Unsupervised Video Deraining with An Event Camera
Jin Wang, Wenming Weng, Yueyi Zhang, Zhiwei Xiong
IEEE/CVF International Conference on Computer Vision (ICCV), 2023
Paper | Code | Abstract
Current unsupervised video deraining methods are inefficient in modeling the intricate spatio-temporal properties of rain, which leads to unsatisfactory results. In this paper, we propose a novel approach by integrating a bio-inspired event camera into the unsupervised video deraining pipeline, which enables us to capture high temporal resolution information and model complex rain characteristics. Specifically, we first design an end-to-end learning-based network consisting of two modules, the asymmetric separation module and the cross-modal fusion module. The two modules are responsible for segregating the features of the rain-background layer, and for positive enhancement and negative suppression from a cross-modal perspective, respectively. Second, to regularize the network training, we elaborately design a cross-modal contrastive learning method that leverages the complementary information from event cameras, exploring the mutual exclusion and similarity of rain-background layers in different domains. This encourages the deraining network to focus on the distinctive characteristics of each layer and learn a more discriminative representation. Moreover, we construct the first real-world dataset comprising rainy videos and events using a hybrid imaging system. Extensive experiments demonstrate the superior performance of our method on both synthetic and real-world datasets.
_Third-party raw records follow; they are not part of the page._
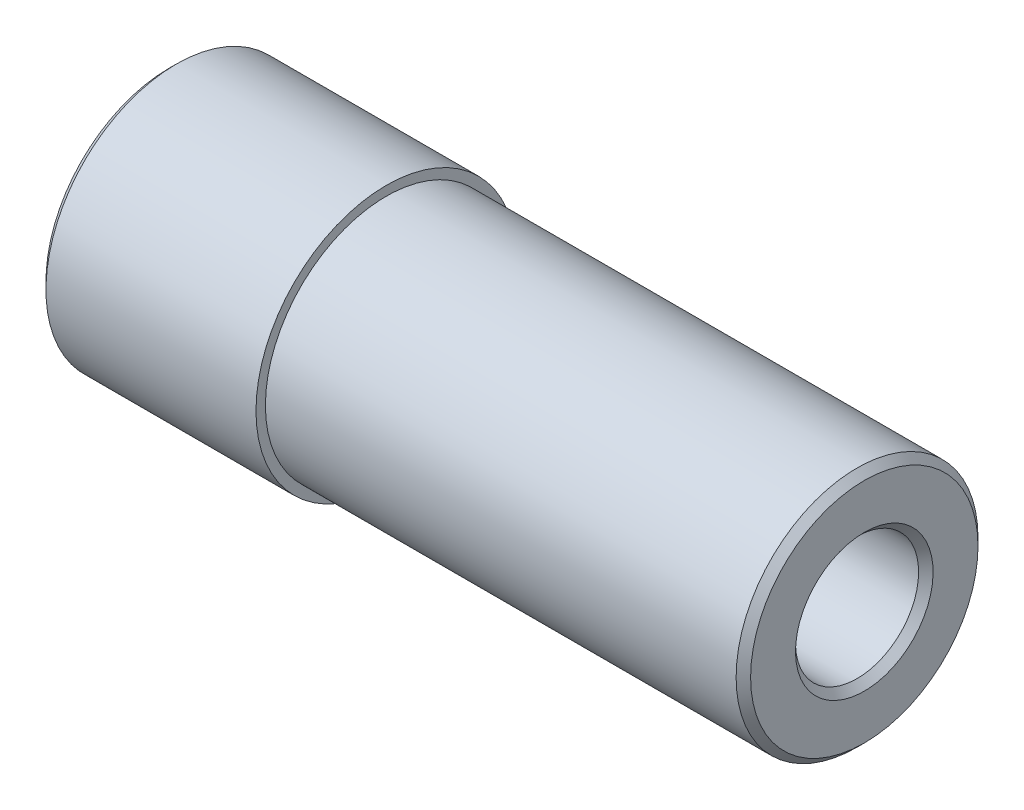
ISO-10303-21;
HEADER;
FILE_DESCRIPTION(('STEP AP214'),'2;1');
FILE_NAME('part.step','',(''),(''),'','','');
FILE_SCHEMA(('AUTOMOTIVE_DESIGN { 1 0 10303 214 1 1 1 1 }'));
ENDSEC;
DATA;
#1=APPLICATION_CONTEXT('core data for automotive mechanical design processes');
#2=APPLICATION_PROTOCOL_DEFINITION('international standard','automotive_design',2000,#1);
#3=PRODUCT_CONTEXT('',#1,'mechanical');
#4=PRODUCT('Part','Part','',(#3));
#5=PRODUCT_RELATED_PRODUCT_CATEGORY('part','',(#4));
#6=PRODUCT_DEFINITION_FORMATION('','',#4);
#7=PRODUCT_DEFINITION_CONTEXT('part definition',#1,'design');
#8=PRODUCT_DEFINITION('design','',#6,#7);
#9=PRODUCT_DEFINITION_SHAPE('','',#8);
#10=(LENGTH_UNIT() NAMED_UNIT(*) SI_UNIT(.MILLI.,.METRE.));
#11=(NAMED_UNIT(*) PLANE_ANGLE_UNIT() SI_UNIT($,.RADIAN.));
#12=(NAMED_UNIT(*) SI_UNIT($,.STERADIAN.) SOLID_ANGLE_UNIT());
#13=UNCERTAINTY_MEASURE_WITH_UNIT(LENGTH_MEASURE(1.E-05),#10,'distance_accuracy_value','');
#14=(GEOMETRIC_REPRESENTATION_CONTEXT(3) GLOBAL_UNCERTAINTY_ASSIGNED_CONTEXT((#13)) GLOBAL_UNIT_ASSIGNED_CONTEXT((#10,
#11,#12)) REPRESENTATION_CONTEXT('',''));
#15=CARTESIAN_POINT('',(0.,0.,0.));
#16=DIRECTION('',(0.,0.,1.));
#17=DIRECTION('',(1.,0.,0.));
#18=AXIS2_PLACEMENT_3D('',#15,#16,#17);
#19=CARTESIAN_POINT('',(5.797761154,0.,0.));
#20=DIRECTION('',(1.,0.,0.));
#21=DIRECTION('',(0.,0.,-1.));
#22=AXIS2_PLACEMENT_3D('',#19,#20,#21);
#23=PLANE('',#22);
#24=CARTESIAN_POINT('',(5.797761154,0.,0.));
#25=DIRECTION('',(1.,0.,0.));
#26=DIRECTION('',(0.,0.,-1.));
#27=AXIS2_PLACEMENT_3D('',#24,#25,#26);
#28=CIRCLE('',#27,5.89999999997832);
#29=CARTESIAN_POINT('',(5.797761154,0.,-5.89999999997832));
#30=VERTEX_POINT('',#29);
#31=EDGE_CURVE('E17',#30,#30,#28,.F.);
#32=ORIENTED_EDGE('',*,*,#31,.T.);
#33=EDGE_LOOP('',(#32));
#34=FACE_BOUND('',#33,.T.);
#35=ADVANCED_FACE('F14',(#34),#23,.F.);
#36=CARTESIAN_POINT('',(-3.652238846,0.,0.));
#37=DIRECTION('',(1.,0.,0.));
#38=DIRECTION('',(0.,0.,-1.));
#39=AXIS2_PLACEMENT_3D('',#36,#37,#38);
#40=CYLINDRICAL_SURFACE('',#39,5.89999999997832);
#41=ORIENTED_EDGE('',*,*,#31,.F.);
#42=EDGE_LOOP('',(#41));
#43=FACE_BOUND('',#42,.T.);
#44=CARTESIAN_POINT('',(-3.65223884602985,0.,0.));
#45=DIRECTION('',(1.,0.,0.));
#46=DIRECTION('',(0.,-0.877582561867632,-0.47942553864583));
#47=AXIS2_PLACEMENT_3D('',#44,#45,#46);
#48=CIRCLE('',#47,5.90000000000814);
#49=CARTESIAN_POINT('',(-3.65223884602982,-5.17773711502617,-2.8286106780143));
#50=VERTEX_POINT('',#49);
#51=EDGE_CURVE('E30',#50,#50,#48,.F.);
#52=ORIENTED_EDGE('',*,*,#51,.T.);
#53=EDGE_LOOP('',(#52));
#54=FACE_BOUND('',#53,.T.);
#55=ADVANCED_FACE('F58',(#43,#54),#40,.F.);
#56=CARTESIAN_POINT('',(-3.65223884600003,0.,0.));
#57=DIRECTION('',(-1.,0.,0.));
#58=DIRECTION('',(0.,0.,1.));
#59=AXIS2_PLACEMENT_3D('',#56,#57,#58);
#60=CONICAL_SURFACE('',#59,5.89999999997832,0.785398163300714);
#61=ORIENTED_EDGE('',*,*,#51,.F.);
#62=EDGE_LOOP('',(#61));
#63=FACE_BOUND('',#62,.T.);
#64=CARTESIAN_POINT('',(-4.15223884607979,0.,0.));
#65=DIRECTION('',(-1.,0.,0.));
#66=DIRECTION('',(0.,0.,1.));
#67=AXIS2_PLACEMENT_3D('',#64,#65,#66);
#68=CIRCLE('',#67,6.39999999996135);
#69=CARTESIAN_POINT('',(-4.15223884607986,0.,6.39999999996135));
#70=VERTEX_POINT('',#69);
#71=EDGE_CURVE('E47',#70,#70,#68,.T.);
#72=ORIENTED_EDGE('',*,*,#71,.T.);
#73=EDGE_LOOP('',(#72));
#74=FACE_BOUND('',#73,.T.);
#75=ADVANCED_FACE('F60',(#63,#74),#60,.F.);
#76=CARTESIAN_POINT('',(-4.152238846,0.,0.));
#77=DIRECTION('',(1.,0.,0.));
#78=DIRECTION('',(0.,0.,-1.));
#79=AXIS2_PLACEMENT_3D('',#76,#77,#78);
#80=PLANE('',#79);
#81=ORIENTED_EDGE('',*,*,#71,.F.);
#82=EDGE_LOOP('',(#81));
#83=FACE_BOUND('',#82,.T.);
#84=CARTESIAN_POINT('',(-4.15223884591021,0.,0.));
#85=DIRECTION('',(1.,0.,0.));
#86=DIRECTION('',(0.,1.,0.));
#87=AXIS2_PLACEMENT_3D('',#84,#85,#86);
#88=CIRCLE('',#87,8.4999999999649);
#89=CARTESIAN_POINT('',(-4.15223884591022,8.4999999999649,0.));
#90=VERTEX_POINT('',#89);
#91=EDGE_CURVE('E45',#90,#90,#88,.F.);
#92=ORIENTED_EDGE('',*,*,#91,.T.);
#93=EDGE_LOOP('',(#92));
#94=FACE_BOUND('',#93,.T.);
#95=ADVANCED_FACE('F66',(#83,#94),#80,.F.);
#96=CARTESIAN_POINT('',(-4.152238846,0.,0.));
#97=DIRECTION('',(1.,0.,0.));
#98=DIRECTION('',(0.,1.,0.));
#99=AXIS2_PLACEMENT_3D('',#96,#97,#98);
#100=CONICAL_SURFACE('',#99,8.49999999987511,0.785398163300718);
#101=ORIENTED_EDGE('',*,*,#91,.F.);
#102=EDGE_LOOP('',(#101));
#103=FACE_BOUND('',#102,.T.);
#104=CARTESIAN_POINT('',(-3.652238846,0.,0.));
#105=DIRECTION('',(1.,0.,0.));
#106=DIRECTION('',(0.,-0.8775825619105,-0.479425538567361));
#107=AXIS2_PLACEMENT_3D('',#104,#105,#106);
#108=CIRCLE('',#107,8.99999999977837);
#109=CARTESIAN_POINT('',(-3.652238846,-7.898243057,-4.314829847));
#110=VERTEX_POINT('',#109);
#111=EDGE_CURVE('E44',#110,#110,#108,.F.);
#112=ORIENTED_EDGE('',*,*,#111,.T.);
#113=EDGE_LOOP('',(#112));
#114=FACE_BOUND('',#113,.T.);
#115=ADVANCED_FACE('F102',(#103,#114),#100,.T.);
#116=CARTESIAN_POINT('',(-3.652238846,0.,0.));
#117=DIRECTION('',(1.,0.,0.));
#118=DIRECTION('',(0.,0.,-1.));
#119=AXIS2_PLACEMENT_3D('',#116,#117,#118);
#120=CYLINDRICAL_SURFACE('',#119,8.99999999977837);
#121=CARTESIAN_POINT('',(10.84776115,0.,0.));
#122=DIRECTION('',(1.,0.,0.));
#123=DIRECTION('',(0.,0.,-1.));
#124=AXIS2_PLACEMENT_3D('',#121,#122,#123);
#125=CIRCLE('',#124,8.99999999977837);
#126=CARTESIAN_POINT('',(10.84776115,0.,-8.99999999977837));
#127=VERTEX_POINT('',#126);
#128=EDGE_CURVE('E41',#127,#127,#125,.F.);
#129=ORIENTED_EDGE('',*,*,#128,.T.);
#130=EDGE_LOOP('',(#129));
#131=FACE_BOUND('',#130,.T.);
#132=ORIENTED_EDGE('',*,*,#111,.F.);
#133=EDGE_LOOP('',(#132));
#134=FACE_BOUND('',#133,.T.);
#135=ADVANCED_FACE('F98',(#131,#134),#120,.T.);
#136=CARTESIAN_POINT('',(10.84776115,0.,0.));
#137=DIRECTION('',(1.,0.,0.));
#138=DIRECTION('',(0.,0.,-1.));
#139=AXIS2_PLACEMENT_3D('',#136,#137,#138);
#140=PLANE('',#139);
#141=CARTESIAN_POINT('',(10.84776115,0.,0.));
#142=DIRECTION('',(1.,0.,0.));
#143=DIRECTION('',(0.,0.,-1.));
#144=AXIS2_PLACEMENT_3D('',#141,#142,#143);
#145=CIRCLE('',#144,8.35000000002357);
#146=CARTESIAN_POINT('',(10.84776115,0.,-8.35000000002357));
#147=VERTEX_POINT('',#146);
#148=EDGE_CURVE('E38',#147,#147,#145,.F.);
#149=ORIENTED_EDGE('',*,*,#148,.T.);
#150=EDGE_LOOP('',(#149));
#151=FACE_BOUND('',#150,.T.);
#152=ORIENTED_EDGE('',*,*,#128,.F.);
#153=EDGE_LOOP('',(#152));
#154=FACE_BOUND('',#153,.T.);
#155=ADVANCED_FACE('F94',(#151,#154),#140,.T.);
#156=CARTESIAN_POINT('',(10.84776115,0.,0.));
#157=DIRECTION('',(1.,0.,0.));
#158=DIRECTION('',(0.,0.,-1.));
#159=AXIS2_PLACEMENT_3D('',#156,#157,#158);
#160=CYLINDRICAL_SURFACE('',#159,8.35000000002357);
#161=ORIENTED_EDGE('',*,*,#148,.F.);
#162=EDGE_LOOP('',(#161));
#163=FACE_BOUND('',#162,.T.);
#164=CARTESIAN_POINT('',(43.3477611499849,0.,0.));
#165=DIRECTION('',(1.,0.,0.));
#166=DIRECTION('',(0.,-0.87758256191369,-0.479425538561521));
#167=AXIS2_PLACEMENT_3D('',#164,#165,#166);
#168=CIRCLE('',#167,8.35000000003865);
#169=CARTESIAN_POINT('',(43.3477611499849,-7.32781439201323,-4.00320324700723));
#170=VERTEX_POINT('',#169);
#171=EDGE_CURVE('E37',#170,#170,#168,.F.);
#172=ORIENTED_EDGE('',*,*,#171,.T.);
#173=EDGE_LOOP('',(#172));
#174=FACE_BOUND('',#173,.T.);
#175=ADVANCED_FACE('F90',(#163,#174),#160,.T.);
#176=CARTESIAN_POINT('',(43.84776115,0.,0.));
#177=DIRECTION('',(-1.,0.,0.));
#178=DIRECTION('',(0.,0.,1.));
#179=AXIS2_PLACEMENT_3D('',#176,#177,#178);
#180=CONICAL_SURFACE('',#179,7.8500000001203,0.785398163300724);
#181=ORIENTED_EDGE('',*,*,#171,.F.);
#182=EDGE_LOOP('',(#181));
#183=FACE_BOUND('',#182,.T.);
#184=CARTESIAN_POINT('',(43.8477611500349,0.,0.));
#185=DIRECTION('',(-1.,0.,0.));
#186=DIRECTION('',(0.,0.,1.));
#187=AXIS2_PLACEMENT_3D('',#184,#185,#186);
#188=CIRCLE('',#187,7.85000000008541);
#189=CARTESIAN_POINT('',(43.847761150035,0.,7.85000000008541));
#190=VERTEX_POINT('',#189);
#191=EDGE_CURVE('E34',#190,#190,#188,.F.);
#192=ORIENTED_EDGE('',*,*,#191,.F.);
#193=EDGE_LOOP('',(#192));
#194=FACE_BOUND('',#193,.T.);
#195=ADVANCED_FACE('F86',(#183,#194),#180,.T.);
#196=CARTESIAN_POINT('',(43.84776115,0.,0.));
#197=DIRECTION('',(1.,0.,0.));
#198=DIRECTION('',(0.,0.,-1.));
#199=AXIS2_PLACEMENT_3D('',#196,#197,#198);
#200=PLANE('',#199);
#201=CARTESIAN_POINT('',(43.8477611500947,0.,0.));
#202=DIRECTION('',(1.,0.,0.));
#203=DIRECTION('',(0.,1.,0.));
#204=AXIS2_PLACEMENT_3D('',#201,#202,#203);
#205=CIRCLE('',#204,4.74999999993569);
#206=CARTESIAN_POINT('',(43.8477611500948,4.74999999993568,0.));
#207=VERTEX_POINT('',#206);
#208=EDGE_CURVE('E26',#207,#207,#205,.F.);
#209=ORIENTED_EDGE('',*,*,#208,.T.);
#210=EDGE_LOOP('',(#209));
#211=FACE_BOUND('',#210,.T.);
#212=ORIENTED_EDGE('',*,*,#191,.T.);
#213=EDGE_LOOP('',(#212));
#214=FACE_BOUND('',#213,.T.);
#215=ADVANCED_FACE('F82',(#211,#214),#200,.T.);
#216=CARTESIAN_POINT('',(43.3477611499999,0.,0.));
#217=DIRECTION('',(1.,0.,0.));
#218=DIRECTION('',(0.,1.,0.));
#219=AXIS2_PLACEMENT_3D('',#216,#217,#218);
#220=CONICAL_SURFACE('',#219,4.24999999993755,0.78539816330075);
#221=ORIENTED_EDGE('',*,*,#208,.F.);
#222=EDGE_LOOP('',(#221));
#223=FACE_BOUND('',#222,.T.);
#224=CARTESIAN_POINT('',(43.34776115,0.,0.));
#225=DIRECTION('',(1.,0.,0.));
#226=DIRECTION('',(0.,0.877582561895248,0.47942553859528));
#227=AXIS2_PLACEMENT_3D('',#224,#225,#226);
#228=CIRCLE('',#227,4.24999999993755);
#229=CARTESIAN_POINT('',(43.34776115,3.729725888,2.037558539));
#230=VERTEX_POINT('',#229);
#231=EDGE_CURVE('E21',#230,#230,#228,.F.);
#232=ORIENTED_EDGE('',*,*,#231,.T.);
#233=EDGE_LOOP('',(#232));
#234=FACE_BOUND('',#233,.T.);
#235=ADVANCED_FACE('F77',(#223,#234),#220,.F.);
#236=CARTESIAN_POINT('',(18.34776115,0.,0.));
#237=DIRECTION('',(1.,0.,0.));
#238=DIRECTION('',(0.,0.,-1.));
#239=AXIS2_PLACEMENT_3D('',#236,#237,#238);
#240=CYLINDRICAL_SURFACE('',#239,4.24999999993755);
#241=CARTESIAN_POINT('',(18.34776115,0.,0.));
#242=DIRECTION('',(1.,0.,0.));
#243=DIRECTION('',(0.,0.,-1.));
#244=AXIS2_PLACEMENT_3D('',#241,#242,#243);
#245=CIRCLE('',#244,4.24999999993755);
#246=CARTESIAN_POINT('',(18.34776115,0.,-4.24999999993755));
#247=VERTEX_POINT('',#246);
#248=EDGE_CURVE('E10',#247,#247,#245,.F.);
#249=ORIENTED_EDGE('',*,*,#248,.T.);
#250=EDGE_LOOP('',(#249));
#251=FACE_BOUND('',#250,.T.);
#252=ORIENTED_EDGE('',*,*,#231,.F.);
#253=EDGE_LOOP('',(#252));
#254=FACE_BOUND('',#253,.T.);
#255=ADVANCED_FACE('F71',(#251,#254),#240,.F.);
#256=CARTESIAN_POINT('',(18.34776115,0.,0.));
#257=DIRECTION('',(1.,0.,0.));
#258=DIRECTION('',(0.,0.,-1.));
#259=AXIS2_PLACEMENT_3D('',#256,#257,#258);
#260=PLANE('',#259);
#261=ORIENTED_EDGE('',*,*,#248,.F.);
#262=EDGE_LOOP('',(#261));
#263=FACE_BOUND('',#262,.T.);
#264=ADVANCED_FACE('F69',(#263),#260,.T.);
#265=CLOSED_SHELL('',(#35,#55,#75,#95,#115,#135,#155,#175,#195,#215,#235,#255,#264));
#266=MANIFOLD_SOLID_BREP('B1',#265);
#267=ADVANCED_BREP_SHAPE_REPRESENTATION('',(#18,#266),#14);
#268=SHAPE_DEFINITION_REPRESENTATION(#9,#267);
ENDSEC;
END-ISO-10303-21;

Event-Based Blurry Frame Interpolation Under Blind Exposure
Wenming Weng, Yueyi Zhang, Zhiwei Xiong
IEEE/CVF Conference on Computer Vision and Pattern Recognition (CVPR), 2023
Paper | Code | Intro Video | Abstract
Restoring sharp high frame-rate videos from low frame-rate blurry videos is a challenging problem. Existing blurry frame interpolation methods assume a predefined and known exposure time, which suffer from severe performance drop when applied to videos captured in the wild. In this paper, we study the problem of blurry frame interpolation under blind exposure with the assistance of an event camera. The high temporal resolution of the event camera is beneficial to obtain the exposure prior that is lost during the imaging process. Besides, sharp frames can be restored using event streams and blurry frames relying on the mutual constraint among them. Therefore, we first propose an exposure estimation strategy guided by event streams to estimate the lost exposure prior, transforming the blind exposure problem well-posed. Second, we propose to model the mutual constraint with a temporal-exposure control strategy through iterative residual learning. Our blurry frame interpolation method achieves a distinct performance boost over existing methods on both synthetic and self-collected real-world datasets under blind exposure.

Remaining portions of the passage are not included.